What are your favorite grilling recipes this summer?!

Tapioca pudding (aka comfort food)

There is something supremely comforting to me about tapioca pudding.  Maybe it is the memories that come with it of my grandmother cooking a large pot of the stuff and us kids running around hardly able to contain ourselves until it was finished.  Or maybe my love of vanilla, and the fact that it is delicious hot or cold makes it irresistible.  In any case, I like it- a lot!  I have been making it quite a bit over the last few weeks.  I’ll be honest and tell you that I have been making minute tapioca, not the whole pearl stuff.  I’m not really one for planning way ahead when I want to make a treat like this, so soaking it over night and all the egg separating stuff is not really up my ally.  But minute tapioca- so easy!  And still so delicious.  After making it the sugar and calorie dense way from the recipe on the box, I decided to change things up a bit to fit my low- sugar lifestyle and make it a bit healthier.

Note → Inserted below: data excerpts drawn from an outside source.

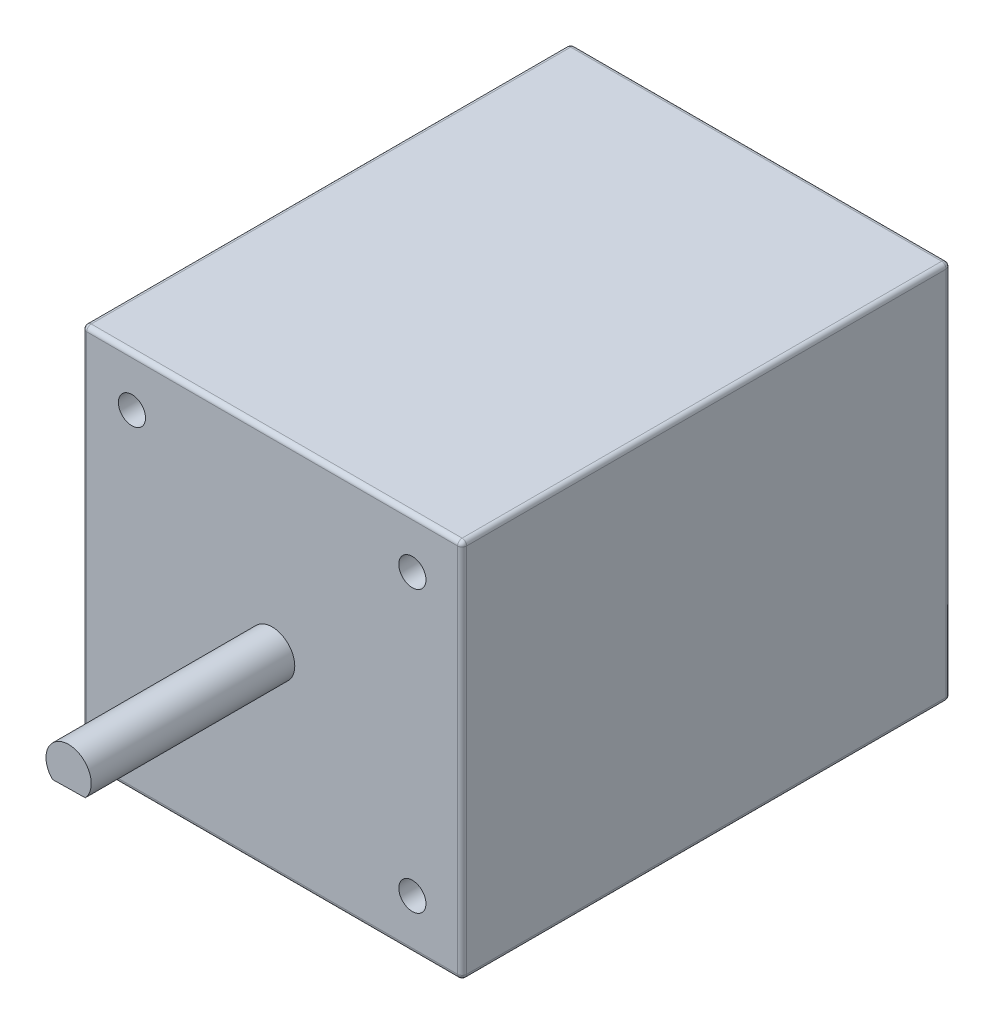
ISO-10303-21;
HEADER;
FILE_DESCRIPTION(('STEP AP214'),'2;1');
FILE_NAME('part.step','',(''),(''),'','','');
FILE_SCHEMA(('AUTOMOTIVE_DESIGN { 1 0 10303 214 1 1 1 1 }'));
ENDSEC;
DATA;
#1=APPLICATION_CONTEXT('core data for automotive mechanical design processes');
#2=APPLICATION_PROTOCOL_DEFINITION('international standard','automotive_design',2000,#1);
#3=PRODUCT_CONTEXT('',#1,'mechanical');
#4=PRODUCT('Part','Part','',(#3));
#5=PRODUCT_RELATED_PRODUCT_CATEGORY('part','',(#4));
#6=PRODUCT_DEFINITION_FORMATION('','',#4);
#7=PRODUCT_DEFINITION_CONTEXT('part definition',#1,'design');
#8=PRODUCT_DEFINITION('design','',#6,#7);
#9=PRODUCT_DEFINITION_SHAPE('','',#8);
#10=(LENGTH_UNIT() NAMED_UNIT(*) SI_UNIT(.MILLI.,.METRE.));
#11=(NAMED_UNIT(*) PLANE_ANGLE_UNIT() SI_UNIT($,.RADIAN.));
#12=(NAMED_UNIT(*) SI_UNIT($,.STERADIAN.) SOLID_ANGLE_UNIT());
#13=UNCERTAINTY_MEASURE_WITH_UNIT(LENGTH_MEASURE(1.E-05),#10,'distance_accuracy_value','');
#14=(GEOMETRIC_REPRESENTATION_CONTEXT(3) GLOBAL_UNCERTAINTY_ASSIGNED_CONTEXT((#13)) GLOBAL_UNIT_ASSIGNED_CONTEXT((#10,
#11,#12)) REPRESENTATION_CONTEXT('',''));
#15=CARTESIAN_POINT('',(0.,0.,0.));
#16=DIRECTION('',(0.,0.,1.));
#17=DIRECTION('',(1.,0.,0.));
#18=AXIS2_PLACEMENT_3D('',#15,#16,#17);
#19=CARTESIAN_POINT('',(21.,-21.,54.));
#20=DIRECTION('',(-1.,0.,0.));
#21=DIRECTION('',(0.,0.,1.));
#22=AXIS2_PLACEMENT_3D('',#19,#20,#21);
#23=PLANE('',#22);
#24=DIRECTION('',(0.,1.,0.));
#25=VECTOR('',#24,1.);
#26=CARTESIAN_POINT('',(21.,-21.,53.5));
#27=LINE('',#26,#25);
#28=CARTESIAN_POINT('',(21.,20.5,53.5));
#29=VERTEX_POINT('',#28);
#30=CARTESIAN_POINT('',(21.,-20.5,53.5));
#31=VERTEX_POINT('',#30);
#32=EDGE_CURVE('E182',#29,#31,#27,.F.);
#33=ORIENTED_EDGE('',*,*,#32,.T.);
#34=DIRECTION('',(0.,0.,-1.));
#35=VECTOR('',#34,1.);
#36=CARTESIAN_POINT('',(21.,-20.5,54.));
#37=LINE('',#36,#35);
#38=CARTESIAN_POINT('',(21.,-20.5,0.5));
#39=VERTEX_POINT('',#38);
#40=EDGE_CURVE('E185',#31,#39,#37,.T.);
#41=ORIENTED_EDGE('',*,*,#40,.T.);
#42=DIRECTION('',(0.,1.,0.));
#43=VECTOR('',#42,1.);
#44=CARTESIAN_POINT('',(21.,21.,0.5));
#45=LINE('',#44,#43);
#46=CARTESIAN_POINT('',(21.,20.5,0.5));
#47=VERTEX_POINT('',#46);
#48=EDGE_CURVE('E180',#39,#47,#45,.T.);
#49=ORIENTED_EDGE('',*,*,#48,.T.);
#50=DIRECTION('',(0.,0.,-1.));
#51=VECTOR('',#50,1.);
#52=CARTESIAN_POINT('',(21.,20.5,54.));
#53=LINE('',#52,#51);
#54=EDGE_CURVE('E178',#47,#29,#53,.F.);
#55=ORIENTED_EDGE('',*,*,#54,.T.);
#56=EDGE_LOOP('',(#33,#41,#49,#55));
#57=FACE_BOUND('',#56,.T.);
#58=ADVANCED_FACE('F41',(#57),#23,.F.);
#59=CARTESIAN_POINT('',(-21.,21.,54.));
#60=DIRECTION('',(0.,-1.,0.));
#61=DIRECTION('',(0.,0.,-1.));
#62=AXIS2_PLACEMENT_3D('',#59,#60,#61);
#63=PLANE('',#62);
#64=DIRECTION('',(-1.,0.,0.));
#65=VECTOR('',#64,1.);
#66=CARTESIAN_POINT('',(-21.,21.,53.5));
#67=LINE('',#66,#65);
#68=CARTESIAN_POINT('',(-20.5,21.,53.5));
#69=VERTEX_POINT('',#68);
#70=CARTESIAN_POINT('',(20.5,21.,53.5));
#71=VERTEX_POINT('',#70);
#72=EDGE_CURVE('E50',#69,#71,#67,.F.);
#73=ORIENTED_EDGE('',*,*,#72,.T.);
#74=DIRECTION('',(0.,0.,-1.));
#75=VECTOR('',#74,1.);
#76=CARTESIAN_POINT('',(20.5,21.,54.));
#77=LINE('',#76,#75);
#78=CARTESIAN_POINT('',(20.5,21.,0.5));
#79=VERTEX_POINT('',#78);
#80=EDGE_CURVE('E11',#71,#79,#77,.T.);
#81=ORIENTED_EDGE('',*,*,#80,.T.);
#82=DIRECTION('',(-1.,0.,0.));
#83=VECTOR('',#82,1.);
#84=CARTESIAN_POINT('',(-21.,21.,0.5));
#85=LINE('',#84,#83);
#86=CARTESIAN_POINT('',(-20.5,21.,0.5));
#87=VERTEX_POINT('',#86);
#88=EDGE_CURVE('E214',#79,#87,#85,.T.);
#89=ORIENTED_EDGE('',*,*,#88,.T.);
#90=DIRECTION('',(0.,0.,-1.));
#91=VECTOR('',#90,1.);
#92=CARTESIAN_POINT('',(-20.5,21.,54.));
#93=LINE('',#92,#91);
#94=EDGE_CURVE('E61',#87,#69,#93,.F.);
#95=ORIENTED_EDGE('',*,*,#94,.T.);
#96=EDGE_LOOP('',(#73,#81,#89,#95));
#97=FACE_BOUND('',#96,.T.);
#98=ADVANCED_FACE('F364',(#97),#63,.F.);
#99=CARTESIAN_POINT('',(-21.,-21.,54.));
#100=DIRECTION('',(1.,0.,0.));
#101=DIRECTION('',(0.,0.,-1.));
#102=AXIS2_PLACEMENT_3D('',#99,#100,#101);
#103=PLANE('',#102);
#104=DIRECTION('',(0.,0.,-1.));
#105=VECTOR('',#104,1.);
#106=CARTESIAN_POINT('',(-21.,-20.5,54.));
#107=LINE('',#106,#105);
#108=CARTESIAN_POINT('',(-21.,-20.5,0.5));
#109=VERTEX_POINT('',#108);
#110=CARTESIAN_POINT('',(-21.,-20.5,53.5));
#111=VERTEX_POINT('',#110);
#112=EDGE_CURVE('E209',#109,#111,#107,.F.);
#113=ORIENTED_EDGE('',*,*,#112,.T.);
#114=DIRECTION('',(0.,-1.,0.));
#115=VECTOR('',#114,1.);
#116=CARTESIAN_POINT('',(-21.,-21.,53.5));
#117=LINE('',#116,#115);
#118=CARTESIAN_POINT('',(-21.,20.5,53.5));
#119=VERTEX_POINT('',#118);
#120=EDGE_CURVE('E211',#111,#119,#117,.F.);
#121=ORIENTED_EDGE('',*,*,#120,.T.);
#122=DIRECTION('',(0.,0.,-1.));
#123=VECTOR('',#122,1.);
#124=CARTESIAN_POINT('',(-21.,20.5,54.));
#125=LINE('',#124,#123);
#126=CARTESIAN_POINT('',(-21.,20.5,0.5));
#127=VERTEX_POINT('',#126);
#128=EDGE_CURVE('E205',#119,#127,#125,.T.);
#129=ORIENTED_EDGE('',*,*,#128,.T.);
#130=DIRECTION('',(0.,-1.,0.));
#131=VECTOR('',#130,1.);
#132=CARTESIAN_POINT('',(-21.,-21.,0.5));
#133=LINE('',#132,#131);
#134=EDGE_CURVE('E207',#127,#109,#133,.T.);
#135=ORIENTED_EDGE('',*,*,#134,.T.);
#136=EDGE_LOOP('',(#113,#121,#129,#135));
#137=FACE_BOUND('',#136,.T.);
#138=ADVANCED_FACE('F310',(#137),#103,.F.);
#139=CARTESIAN_POINT('',(-21.,-21.,54.));
#140=DIRECTION('',(0.,1.,0.));
#141=DIRECTION('',(0.,0.,1.));
#142=AXIS2_PLACEMENT_3D('',#139,#140,#141);
#143=PLANE('',#142);
#144=DIRECTION('',(0.,0.,-1.));
#145=VECTOR('',#144,1.);
#146=CARTESIAN_POINT('',(20.5,-21.,54.));
#147=LINE('',#146,#145);
#148=CARTESIAN_POINT('',(20.5,-21.,0.5));
#149=VERTEX_POINT('',#148);
#150=CARTESIAN_POINT('',(20.5,-21.,53.5));
#151=VERTEX_POINT('',#150);
#152=EDGE_CURVE('E200',#149,#151,#147,.F.);
#153=ORIENTED_EDGE('',*,*,#152,.T.);
#154=DIRECTION('',(1.,0.,0.));
#155=VECTOR('',#154,1.);
#156=CARTESIAN_POINT('',(-21.,-21.,53.5));
#157=LINE('',#156,#155);
#158=CARTESIAN_POINT('',(-20.5,-21.,53.5));
#159=VERTEX_POINT('',#158);
#160=EDGE_CURVE('E202',#151,#159,#157,.F.);
#161=ORIENTED_EDGE('',*,*,#160,.T.);
#162=DIRECTION('',(0.,0.,-1.));
#163=VECTOR('',#162,1.);
#164=CARTESIAN_POINT('',(-20.5,-21.,54.));
#165=LINE('',#164,#163);
#166=CARTESIAN_POINT('',(-20.5,-21.,0.5));
#167=VERTEX_POINT('',#166);
#168=EDGE_CURVE('E196',#159,#167,#165,.T.);
#169=ORIENTED_EDGE('',*,*,#168,.T.);
#170=DIRECTION('',(1.,0.,0.));
#171=VECTOR('',#170,1.);
#172=CARTESIAN_POINT('',(21.,-21.,0.5));
#173=LINE('',#172,#171);
#174=EDGE_CURVE('E198',#167,#149,#173,.T.);
#175=ORIENTED_EDGE('',*,*,#174,.T.);
#176=EDGE_LOOP('',(#153,#161,#169,#175));
#177=FACE_BOUND('',#176,.T.);
#178=ADVANCED_FACE('F301',(#177),#143,.F.);
#179=CARTESIAN_POINT('',(0.,0.,54.));
#180=DIRECTION('',(0.,0.,-1.));
#181=DIRECTION('',(-1.,0.,0.));
#182=AXIS2_PLACEMENT_3D('',#179,#180,#181);
#183=PLANE('',#182);
#184=CARTESIAN_POINT('',(-15.5000000000002,-15.4999999999998,54.));
#185=DIRECTION('',(0.,0.,-1.));
#186=DIRECTION('',(-1.,0.,0.));
#187=AXIS2_PLACEMENT_3D('',#184,#185,#186);
#188=CIRCLE('',#187,1.5);
#189=CARTESIAN_POINT('',(-17.0000000000002,-15.4999999999998,54.));
#190=VERTEX_POINT('',#189);
#191=EDGE_CURVE('E691',#190,#190,#188,.T.);
#192=ORIENTED_EDGE('',*,*,#191,.T.);
#193=EDGE_LOOP('',(#192));
#194=FACE_BOUND('',#193,.T.);
#195=CARTESIAN_POINT('',(15.4999999999999,-15.5000000000001,54.));
#196=DIRECTION('',(0.,0.,-1.));
#197=DIRECTION('',(-1.,0.,0.));
#198=AXIS2_PLACEMENT_3D('',#195,#196,#197);
#199=CIRCLE('',#198,1.5);
#200=CARTESIAN_POINT('',(13.9999999999999,-15.5000000000001,54.));
#201=VERTEX_POINT('',#200);
#202=EDGE_CURVE('E708',#201,#201,#199,.T.);
#203=ORIENTED_EDGE('',*,*,#202,.T.);
#204=EDGE_LOOP('',(#203));
#205=FACE_BOUND('',#204,.T.);
#206=CARTESIAN_POINT('',(15.5000000000001,15.4999999999999,54.));
#207=DIRECTION('',(0.,0.,-1.));
#208=DIRECTION('',(-1.,0.,0.));
#209=AXIS2_PLACEMENT_3D('',#206,#207,#208);
#210=CIRCLE('',#209,1.5);
#211=CARTESIAN_POINT('',(14.0000000000001,15.4999999999999,54.));
#212=VERTEX_POINT('',#211);
#213=EDGE_CURVE('E699',#212,#212,#210,.T.);
#214=ORIENTED_EDGE('',*,*,#213,.T.);
#215=EDGE_LOOP('',(#214));
#216=FACE_BOUND('',#215,.T.);
#217=CARTESIAN_POINT('',(-15.5,15.5,54.));
#218=DIRECTION('',(0.,0.,-1.));
#219=DIRECTION('',(-1.,0.,0.));
#220=AXIS2_PLACEMENT_3D('',#217,#218,#219);
#221=CIRCLE('',#220,1.5);
#222=CARTESIAN_POINT('',(-17.,15.5,54.));
#223=VERTEX_POINT('',#222);
#224=EDGE_CURVE('E164',#223,#223,#221,.T.);
#225=ORIENTED_EDGE('',*,*,#224,.T.);
#226=EDGE_LOOP('',(#225));
#227=FACE_BOUND('',#226,.T.);
#228=DIRECTION('',(1.,0.,0.));
#229=VECTOR('',#228,1.);
#230=CARTESIAN_POINT('',(0.,-20.5,54.));
#231=LINE('',#230,#229);
#232=CARTESIAN_POINT('',(-20.5,-20.5,54.));
#233=VERTEX_POINT('',#232);
#234=CARTESIAN_POINT('',(20.5,-20.5,54.));
#235=VERTEX_POINT('',#234);
#236=EDGE_CURVE('E173',#233,#235,#231,.T.);
#237=ORIENTED_EDGE('',*,*,#236,.T.);
#238=DIRECTION('',(0.,1.,0.));
#239=VECTOR('',#238,1.);
#240=CARTESIAN_POINT('',(20.5,0.,54.));
#241=LINE('',#240,#239);
#242=CARTESIAN_POINT('',(20.5,20.5,54.));
#243=VERTEX_POINT('',#242);
#244=EDGE_CURVE('E175',#235,#243,#241,.T.);
#245=ORIENTED_EDGE('',*,*,#244,.T.);
#246=DIRECTION('',(-1.,0.,0.));
#247=VECTOR('',#246,1.);
#248=CARTESIAN_POINT('',(0.,20.5,54.));
#249=LINE('',#248,#247);
#250=CARTESIAN_POINT('',(-20.5,20.5,54.));
#251=VERTEX_POINT('',#250);
#252=EDGE_CURVE('E168',#243,#251,#249,.T.);
#253=ORIENTED_EDGE('',*,*,#252,.T.);
#254=DIRECTION('',(0.,-1.,0.));
#255=VECTOR('',#254,1.);
#256=CARTESIAN_POINT('',(-20.5,0.,54.));
#257=LINE('',#256,#255);
#258=EDGE_CURVE('E171',#251,#233,#257,.T.);
#259=ORIENTED_EDGE('',*,*,#258,.T.);
#260=EDGE_LOOP('',(#237,#245,#253,#259));
#261=FACE_BOUND('',#260,.T.);
#262=DIRECTION('',(0.99985468087506,0.0170474963626072,0.));
#263=VECTOR('',#262,1.);
#264=CARTESIAN_POINT('',(0.0293014268392263,-1.71856137454766,54.));
#265=LINE('',#264,#263);
#266=CARTESIAN_POINT('',(-1.78583780882188,-1.74950945141267,54.));
#267=VERTEX_POINT('',#266);
#268=CARTESIAN_POINT('',(1.84444066250034,-1.68761329768266,54.));
#269=VERTEX_POINT('',#268);
#270=EDGE_CURVE('E154',#267,#269,#265,.T.);
#271=ORIENTED_EDGE('',*,*,#270,.F.);
#272=CARTESIAN_POINT('',(0.,0.,54.));
#273=DIRECTION('',(0.,0.,-1.));
#274=DIRECTION('',(-1.,0.,0.));
#275=AXIS2_PLACEMENT_3D('',#272,#273,#274);
#276=CIRCLE('',#275,2.5);
#277=EDGE_CURVE('E161',#267,#269,#276,.T.);
#278=ORIENTED_EDGE('',*,*,#277,.T.);
#279=EDGE_LOOP('',(#271,#278));
#280=FACE_BOUND('',#279,.T.);
#281=ADVANCED_FACE('F408',(#194,#205,#216,#227,#261,#280),#183,.F.);
#282=CARTESIAN_POINT('',(0.,0.,0.));
#283=DIRECTION('',(0.,0.,-1.));
#284=DIRECTION('',(-1.,0.,0.));
#285=AXIS2_PLACEMENT_3D('',#282,#283,#284);
#286=PLANE('',#285);
#287=DIRECTION('',(-1.,0.,0.));
#288=VECTOR('',#287,1.);
#289=CARTESIAN_POINT('',(21.,20.5,0.));
#290=LINE('',#289,#288);
#291=CARTESIAN_POINT('',(-20.5,20.5,0.));
#292=VERTEX_POINT('',#291);
#293=CARTESIAN_POINT('',(20.5,20.5,0.));
#294=VERTEX_POINT('',#293);
#295=EDGE_CURVE('E187',#292,#294,#290,.F.);
#296=ORIENTED_EDGE('',*,*,#295,.T.);
#297=DIRECTION('',(0.,1.,0.));
#298=VECTOR('',#297,1.);
#299=CARTESIAN_POINT('',(20.5,-21.,0.));
#300=LINE('',#299,#298);
#301=CARTESIAN_POINT('',(20.5,-20.5,0.));
#302=VERTEX_POINT('',#301);
#303=EDGE_CURVE('E193',#294,#302,#300,.F.);
#304=ORIENTED_EDGE('',*,*,#303,.T.);
#305=DIRECTION('',(1.,0.,0.));
#306=VECTOR('',#305,1.);
#307=CARTESIAN_POINT('',(-21.,-20.5,0.));
#308=LINE('',#307,#306);
#309=CARTESIAN_POINT('',(-20.5,-20.5,0.));
#310=VERTEX_POINT('',#309);
#311=EDGE_CURVE('E191',#302,#310,#308,.F.);
#312=ORIENTED_EDGE('',*,*,#311,.T.);
#313=DIRECTION('',(0.,-1.,0.));
#314=VECTOR('',#313,1.);
#315=CARTESIAN_POINT('',(-20.5,21.,0.));
#316=LINE('',#315,#314);
#317=EDGE_CURVE('E189',#310,#292,#316,.F.);
#318=ORIENTED_EDGE('',*,*,#317,.T.);
#319=EDGE_LOOP('',(#296,#304,#312,#318));
#320=FACE_BOUND('',#319,.T.);
#321=ADVANCED_FACE('F330',(#320),#286,.T.);
#322=CARTESIAN_POINT('',(0.,0.,76.5));
#323=DIRECTION('',(0.,0.,-1.));
#324=DIRECTION('',(-1.,0.,0.));
#325=AXIS2_PLACEMENT_3D('',#322,#323,#324);
#326=CYLINDRICAL_SURFACE('',#325,2.5);
#327=ORIENTED_EDGE('',*,*,#277,.F.);
#328=DIRECTION('',(0.,0.,-1.));
#329=VECTOR('',#328,1.);
#330=CARTESIAN_POINT('',(-1.78583780882188,-1.74950945141267,76.5));
#331=LINE('',#330,#329);
#332=CARTESIAN_POINT('',(-1.78583780882188,-1.74950945141267,76.5));
#333=VERTEX_POINT('',#332);
#334=EDGE_CURVE('E157',#333,#267,#331,.T.);
#335=ORIENTED_EDGE('',*,*,#334,.F.);
#336=CARTESIAN_POINT('',(0.,0.,76.5));
#337=DIRECTION('',(0.,0.,-1.));
#338=DIRECTION('',(-1.,0.,0.));
#339=AXIS2_PLACEMENT_3D('',#336,#337,#338);
#340=CIRCLE('',#339,2.5);
#341=CARTESIAN_POINT('',(1.84444066250034,-1.68761329768266,76.5));
#342=VERTEX_POINT('',#341);
#343=EDGE_CURVE('E146',#333,#342,#340,.T.);
#344=ORIENTED_EDGE('',*,*,#343,.T.);
#345=DIRECTION('',(0.,0.,-1.));
#346=VECTOR('',#345,1.);
#347=CARTESIAN_POINT('',(1.84444066250034,-1.68761329768266,76.5));
#348=LINE('',#347,#346);
#349=EDGE_CURVE('E149',#342,#269,#348,.T.);
#350=ORIENTED_EDGE('',*,*,#349,.T.);
#351=EDGE_LOOP('',(#327,#335,#344,#350));
#352=FACE_BOUND('',#351,.T.);
#353=ADVANCED_FACE('F159',(#352),#326,.T.);
#354=CARTESIAN_POINT('',(0.0293014268392263,-1.71856137454766,76.5));
#355=DIRECTION('',(-0.0170474963626072,0.999854680875059,0.));
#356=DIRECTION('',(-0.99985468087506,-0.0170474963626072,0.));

The original recipe with my substitutions in italics:

Minute Tapioca Pudding

1/3 c. sugar Substitute 2 Tbsp + 2 tsp agave instead, OR 2 Tbsp agave + 1/4 tsp liquid stevia
3 Tbsp Minute Tapioca
2 3/4 c. whole milk Substitute 1% milk
1 egg, well beaten
1 tsp vanilla extract

    Mix egg, milk, sugar or agave, and tapioca in medium saucepan; let stand 5 min. Cook on medium heat, stirring constantly, until mixture comes to a full boil. (Pudding thickens as it cools.) Remove from heat. Stir in vanilla extract. Cover saucepan with lid or plastic wrap and cool for 20 min. Serve warm or chilled. Makes 6 half-cup servings.

    My Chocolate Variation:

    3 Tbsp agave + 1/4 tsp liquid stevia
    3 Tbsp Minute Tapioca
    3 c. 1% milk
    1 egg, well beaten
    1 tsp vanilla extract
    1/2 tsp almond extract
    2 Tbsp each of unsweetened chocolate and unsweetened carob

    Mix egg, milk, agave and tapioca in medium saucepan; let stand 5 min. Add chocolate and carob. Bring to a full boil on medium heat, stirring constantly. Remove from heat. Stir in vanilla and almond extracts. Cover saucepan with lid or plastic wrap and cool for 20 min. (Pudding thickens as it cools.) Serve warm or chilled. Stir before serving. Makes 6 half-cup servings.


    • If you use Stevia, use it as part of a sugar blend- not as the only sweetener in the tapioca!  It will taste awful if you use more than 1/4 tsp or so- take my word for it! 
    • The original recipe yields six 1/2-cup portion sizes, each with ~145 calories.  Making it my way, with 1% milk and agave/ stevia, there are just over 100 calories.  But the chocolate/ carob version brings it up to 150 calories.  I am not really into counting calories, but I was just interested to see how a few changes would affect the overall nutrient density- so there you have it.
    • You can add raisins, dried cranberries, nuts, etc. to the original recipe but in my humble opinion less is more.